++++ RAW DATA

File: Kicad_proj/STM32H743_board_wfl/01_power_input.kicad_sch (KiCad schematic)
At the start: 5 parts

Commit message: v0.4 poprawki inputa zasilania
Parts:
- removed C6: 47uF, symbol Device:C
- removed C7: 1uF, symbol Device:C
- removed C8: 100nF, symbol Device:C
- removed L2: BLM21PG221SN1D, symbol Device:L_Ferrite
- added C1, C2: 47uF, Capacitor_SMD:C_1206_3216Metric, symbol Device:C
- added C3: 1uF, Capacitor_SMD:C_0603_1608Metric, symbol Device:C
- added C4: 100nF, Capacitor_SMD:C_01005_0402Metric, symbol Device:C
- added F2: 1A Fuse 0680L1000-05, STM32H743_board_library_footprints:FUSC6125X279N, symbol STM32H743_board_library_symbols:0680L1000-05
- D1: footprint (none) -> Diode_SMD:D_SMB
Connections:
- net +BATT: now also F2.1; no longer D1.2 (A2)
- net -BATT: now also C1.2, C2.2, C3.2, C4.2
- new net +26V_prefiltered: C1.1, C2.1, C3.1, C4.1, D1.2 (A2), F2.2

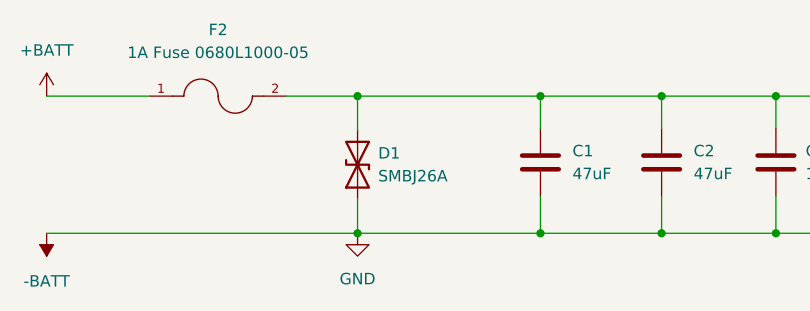
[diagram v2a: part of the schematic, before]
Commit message: v0.5b tvs and stm32 vbat fixes
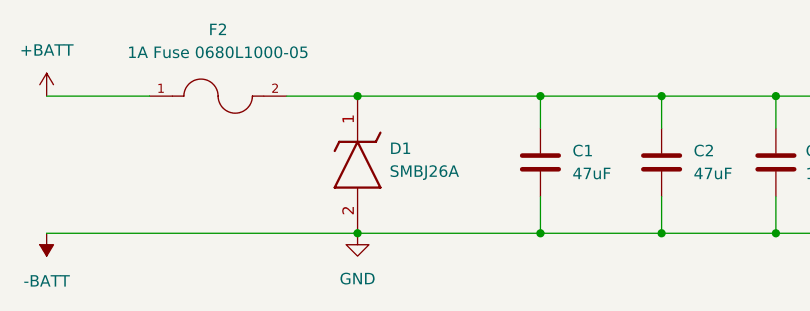
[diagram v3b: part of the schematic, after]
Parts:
- D1: symbol Device:D_TVS -> STM32H743_board_library_symbols:SMBJ26A; Height (none) -> 2.44; Manufacturer_Name (none) -> Vishay; Manufacturer_Part_Number (none) -> SMBJ5.0A-E3/5B
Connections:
- net +26V_prefiltered: now also D1.1 (K); no longer D1.2 (A2)
- net -BATT: now also D1.2 (A); no longer D1.1 (A1)

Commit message: PCB v0.1b connectors
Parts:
- renumbered F2 to F1
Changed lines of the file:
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@@
 		(dnp no)
 		(fields_autoplaced yes)
-		(property "Reference" "F2"
-			(at 101.854 78.486 0)
+		(property "Reference" "F1"
+			(at 101.854 78.74 0)
 			(show_name no)
 			(do_not_autoplace no)
@@
 		)
 		(property "Value" "1A Fuse 0680L1000-05"
-			(at 101.854 81.026 0)
+			(at 101.854 81.28 0)
 			(show_name no)
 			(do_not_autoplace no)
@@
 			(project "STM32H743_board_wfl"
 				(path "/3ffbaf01-8fe7-4f96-b685-21b9df9d548a/81f7828a-9cc3-44cb-b1b6-c28345015d19"
-					(reference "F2")
+					(reference "F1")
 					(unit 1)
 				)

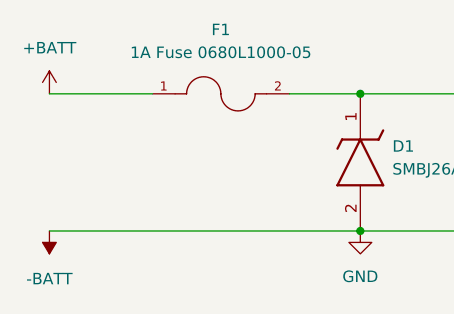
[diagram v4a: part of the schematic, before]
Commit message: PCB v0.1d components placement STM32 caps
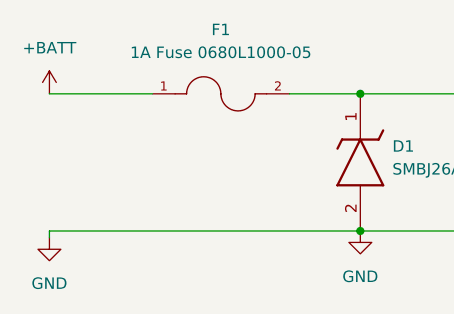
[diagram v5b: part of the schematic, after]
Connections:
- net -BATT renamed GND
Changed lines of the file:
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@@
+	(wire
+		(pts
+			(xy 82.804 101.092) (xy 82.804 101.854)
+		)
+		(stroke
+			(width 0)
+			(type default)
+		)
+	)
 	(wire
 		(pts
@@
 		(dnp no)
 		(fields_autoplaced yes)
-		(property "Reference" "#PWR04"
+		(property "Reference" "#PWR03"
 			(at 117.348 107.442 0)
 			(hide yes)
@@
 		(property "Description" "Power symbol creates a global label with name \"GND\" , ground"
 			(at 117.348 101.092 0)
-			(hide yes)
-			(show_name no)
-			(do_not_autoplace no)
-			(effects
-				(font
-					(size 1.27 1.27)
-				)
-			)
-		)
-		(pin "1"
-		)
-		(instances
-			(project "STM32H743_board_wfl"
-				(path "/3ffbaf01-8fe7-4f96-b685-21b9df9d548a/81f7828a-9cc3-44cb-b1b6-c28345015d19"
-					(reference "#PWR04")
-					(unit 1)
-				)
-			)
-		)
-	)
-	(symbol
-		(lib_id "power:-BATT")
-		(at 82.804 101.092 180)
-		(unit 1)
-		(body_style 1)
-		(exclude_from_sim no)
-		(in_bom yes)
-		(on_board yes)
-		(in_pos_files yes)
-		(dnp no)
-		(fields_autoplaced yes)
-		(property "Reference" "#PWR03"
-			(at 82.804 97.282 0)
-			(hide yes)
-			(show_name no)
-			(do_not_autoplace no)
-			(effects
-				(font
-					(size 1.27 1.27)
-				)
-			)
-		)
-		(property "Value" "-BATT"
-			(at 82.804 106.426 0)
-			(show_name no)
-			(do_not_autoplace no)
-			(effects
-				(font
-					(size 1.27 1.27)
-				)
-			)
-		)
-		(property "Footprint" ""
-			(at 82.804 101.092 0)
-			(hide yes)
-			(show_name no)
-			(do_not_autoplace no)
-			(effects
-				(font
-					(size 1.27 1.27)
-				)
-			)
-		)
-		(property "Datasheet" ""
-			(at 82.804 101.092 0)
-			(hide yes)
-			(show_name no)
-			(do_not_autoplace no)
-			(effects
-				(font
-					(size 1.27 1.27)
-				)
-			)
-		)
-		(property "Description" "Power symbol creates a global label with name \"-BATT\""
-			(at 82.804 101.092 0)
 			(hide yes)
 			(show_name no)
@@
 		(dnp no)
 		(fields_autoplaced yes)
-		(property "Reference" "#PWR05"
+		(property "Reference" "#PWR04"
 			(at 203.2 107.442 0)
 			(hide yes)
@@
 			(hide yes)
 			(show_name no)
+			(do_not_autoplace no)
+			(effects
+				(font
+					(size 1.27 1.27)
+				)
+			)
+		)
+		(pin "1"
+		)
+		(instances
+			(project "STM32H743_board_wfl"
+				(path "/3ffbaf01-8fe7-4f96-b685-21b9df9d548a/81f7828a-9cc3-44cb-b1b6-c28345015d19"
+					(reference "#PWR04")
+					(unit 1)
+				)
+			)
+		)
+	)
+	(symbol
+		(lib_id "power:GND")
+		(at 82.804 101.854 0)
+		(unit 1)
+		(body_style 1)
+		(exclude_from_sim no)
+		(in_bom yes)
+		(on_board yes)
+		(in_pos_files yes)
+		(dnp no)
+		(fields_autoplaced yes)
+		(property "Reference" "#PWR05"
+			(at 82.804 108.204 0)
+			(hide yes)
+			(show_name no)
+			(do_not_autoplace no)
+			(effects
+				(font
+					(size 1.27 1.27)
+				)
+			)
+		)
+		(property "Value" "GND"
+			(at 82.804 106.934 0)
+			(show_name no)
+			(do_not_autoplace no)
+			(effects
+				(font
+					(size 1.27 1.27)
+				)
+			)
+		)
+		(property "Footprint" ""
+			(at 82.804 101.854 0)
+			(hide yes)
+			(show_name no)
+			(do_not_autoplace no)
+			(effects
+				(font
+					(size 1.27 1.27)
+				)
+			)
+		)
+		(property "Datasheet" ""
+			(at 82.804 101.854 0)
+			(hide yes)
+			(show_name no)
+			(do_not_autoplace no)
+			(effects
+				(font
+					(size 1.27 1.27)
+				)
+			)
+		)
+		(property "Description" "Power symbol creates a global label with name \"GND\" , ground"
+			(at 82.804 101.854 0)
+			(hide yes)
+			(show_name no)

++++++++

* HOW TO COMPLETE THIS TASK
Would you retype every line shown above exactly, leaving the pictures aside?

* SOLUTION FOR THIS PROBLEM
File: Kicad_proj/STM32H743_board_wfl/01_power_input.kicad_sch (KiCad schematic)
At the start: 5 parts

Commit message: v0.4 poprawki inputa zasilania
Parts:
- removed C6: 47uF, symbol Device:C
- removed C7: 1uF, symbol Device:C
- removed C8: 100nF, symbol Device:C
- removed L2: BLM21PG221SN1D, symbol Device:L_Ferrite
- added C1, C2: 47uF, Capacitor_SMD:C_1206_3216Metric, symbol Device:C
- added C3: 1uF, Capacitor_SMD:C_0603_1608Metric, symbol Device:C
- added C4: 100nF, Capacitor_SMD:C_01005_0402Metric, symbol Device:C
- added F2: 1A Fuse 0680L1000-05, STM32H743_board_library_footprints:FUSC6125X279N, symbol STM32H743_board_library_symbols:0680L1000-05
- D1: footprint (none) -> Diode_SMD:D_SMB
Connections:
- net +BATT: now also F2.1; no longer D1.2 (A2)
- net -BATT: now also C1.2, C2.2, C3.2, C4.2
- new net +26V_prefiltered: C1.1, C2.1, C3.1, C4.1, D1.2 (A2), F2.2

[diagram v2a: part of the schematic, before]
Commit message: v0.5b tvs and stm32 vbat fixes
[diagram v3b: part of the schematic, after]
Parts:
- D1: symbol Device:D_TVS -> STM32H743_board_library_symbols:SMBJ26A; Height (none) -> 2.44; Manufacturer_Name (none) -> Vishay; Manufacturer_Part_Number (none) -> SMBJ5.0A-E3/5B
Connections:
- net +26V_prefiltered: now also D1.1 (K); no longer D1.2 (A2)
- net -BATT: now also D1.2 (A); no longer D1.1 (A1)

Commit message: PCB v0.1b connectors
Parts:
- renumbered F2 to F1
Changed lines of the file:
@@
 		(dnp no)
 		(fields_autoplaced yes)
-		(property "Reference" "F2"
-			(at 101.854 78.486 0)
+		(property "Reference" "F1"
+			(at 101.854 78.74 0)
 			(show_name no)
 			(do_not_autoplace no)
@@
 		)
 		(property "Value" "1A Fuse 0680L1000-05"
-			(at 101.854 81.026 0)
+			(at 101.854 81.28 0)
 			(show_name no)
 			(do_not_autoplace no)
@@
 			(project "STM32H743_board_wfl"
 				(path "/3ffbaf01-8fe7-4f96-b685-21b9df9d548a/81f7828a-9cc3-44cb-b1b6-c28345015d19"
-					(reference "F2")
+					(reference "F1")
 					(unit 1)
 				)

[diagram v4a: part of the schematic, before]
Commit message: PCB v0.1d components placement STM32 caps
[diagram v5b: part of the schematic, after]
Connections:
- net -BATT renamed GND
Changed lines of the file:
@@
+	(wire
+		(pts
+			(xy 82.804 101.092) (xy 82.804 101.854)
+		)
+		(stroke
+			(width 0)
+			(type default)
+		)
+	)
 	(wire
 		(pts
@@
 		(dnp no)
 		(fields_autoplaced yes)
-		(property "Reference" "#PWR04"
+		(property "Reference" "#PWR03"
 			(at 117.348 107.442 0)
 			(hide yes)
@@
 		(property "Description" "Power symbol creates a global label with name \"GND\" , ground"
 			(at 117.348 101.092 0)
-			(hide yes)
-			(show_name no)
-			(do_not_autoplace no)
-			(effects
-				(font
-					(size 1.27 1.27)
-				)
-			)
-		)
-		(pin "1"
-		)
-		(instances
-			(project "STM32H743_board_wfl"
-				(path "/3ffbaf01-8fe7-4f96-b685-21b9df9d548a/81f7828a-9cc3-44cb-b1b6-c28345015d19"
-					(reference "#PWR04")
-					(unit 1)
-				)
-			)
-		)
-	)
-	(symbol
-		(lib_id "power:-BATT")
-		(at 82.804 101.092 180)
-		(unit 1)
-		(body_style 1)
-		(exclude_from_sim no)
-		(in_bom yes)
-		(on_board yes)
-		(in_pos_files yes)
-		(dnp no)
-		(fields_autoplaced yes)
-		(property "Reference" "#PWR03"
-			(at 82.804 97.282 0)
-			(hide yes)
-			(show_name no)
-			(do_not_autoplace no)
-			(effects
-				(font
-					(size 1.27 1.27)
-				)
-			)
-		)
-		(property "Value" "-BATT"
-			(at 82.804 106.426 0)
-			(show_name no)
-			(do_not_autoplace no)
-			(effects
-				(font
-					(size 1.27 1.27)
-				)
-			)
-		)
-		(property "Footprint" ""
-			(at 82.804 101.092 0)
-			(hide yes)
-			(show_name no)
-			(do_not_autoplace no)
-			(effects
-				(font
-					(size 1.27 1.27)
-				)
-			)
-		)
-		(property "Datasheet" ""
-			(at 82.804 101.092 0)
-			(hide yes)
-			(show_name no)
-			(do_not_autoplace no)
-			(effects
-				(font
-					(size 1.27 1.27)
-				)
-			)
-		)
-		(property "Description" "Power symbol creates a global label with name \"-BATT\""
-			(at 82.804 101.092 0)
 			(hide yes)
 			(show_name no)
@@
 		(dnp no)
 		(fields_autoplaced yes)
-		(property "Reference" "#PWR05"
+		(property "Reference" "#PWR04"
 			(at 203.2 107.442 0)
 			(hide yes)
@@
 			(hide yes)
 			(show_name no)
+			(do_not_autoplace no)
+			(effects
+				(font
+					(size 1.27 1.27)
+				)
+			)
+		)
+		(pin "1"
+		)
+		(instances
+			(project "STM32H743_board_wfl"
+				(path "/3ffbaf01-8fe7-4f96-b685-21b9df9d548a/81f7828a-9cc3-44cb-b1b6-c28345015d19"
+					(reference "#PWR04")
+					(unit 1)
+				)
+			)
+		)
+	)
+	(symbol
+		(lib_id "power:GND")
+		(at 82.804 101.854 0)
+		(unit 1)
+		(body_style 1)
+		(exclude_from_sim no)
+		(in_bom yes)
+		(on_board yes)
+		(in_pos_files yes)
+		(dnp no)
+		(fields_autoplaced yes)
+		(property "Reference" "#PWR05"
+			(at 82.804 108.204 0)
+			(hide yes)
+			(show_name no)
+			(do_not_autoplace no)
+			(effects
+				(font
+					(size 1.27 1.27)
+				)
+			)
+		)
+		(property "Value" "GND"
+			(at 82.804 106.934 0)
+			(show_name no)
+			(do_not_autoplace no)
+			(effects
+				(font
+					(size 1.27 1.27)
+				)
+			)
+		)
+		(property "Footprint" ""
+			(at 82.804 101.854 0)
+			(hide yes)
+			(show_name no)
+			(do_not_autoplace no)
+			(effects
+				(font
+					(size 1.27 1.27)
+				)
+			)
+		)
+		(property "Datasheet" ""
+			(at 82.804 101.854 0)
+			(hide yes)
+			(show_name no)
+			(do_not_autoplace no)
+			(effects
+				(font
+					(size 1.27 1.27)
+				)
+			)
+		)
+		(property "Description" "Power symbol creates a global label with name \"GND\" , ground"
+			(at 82.804 101.854 0)
+			(hide yes)
+			(show_name no)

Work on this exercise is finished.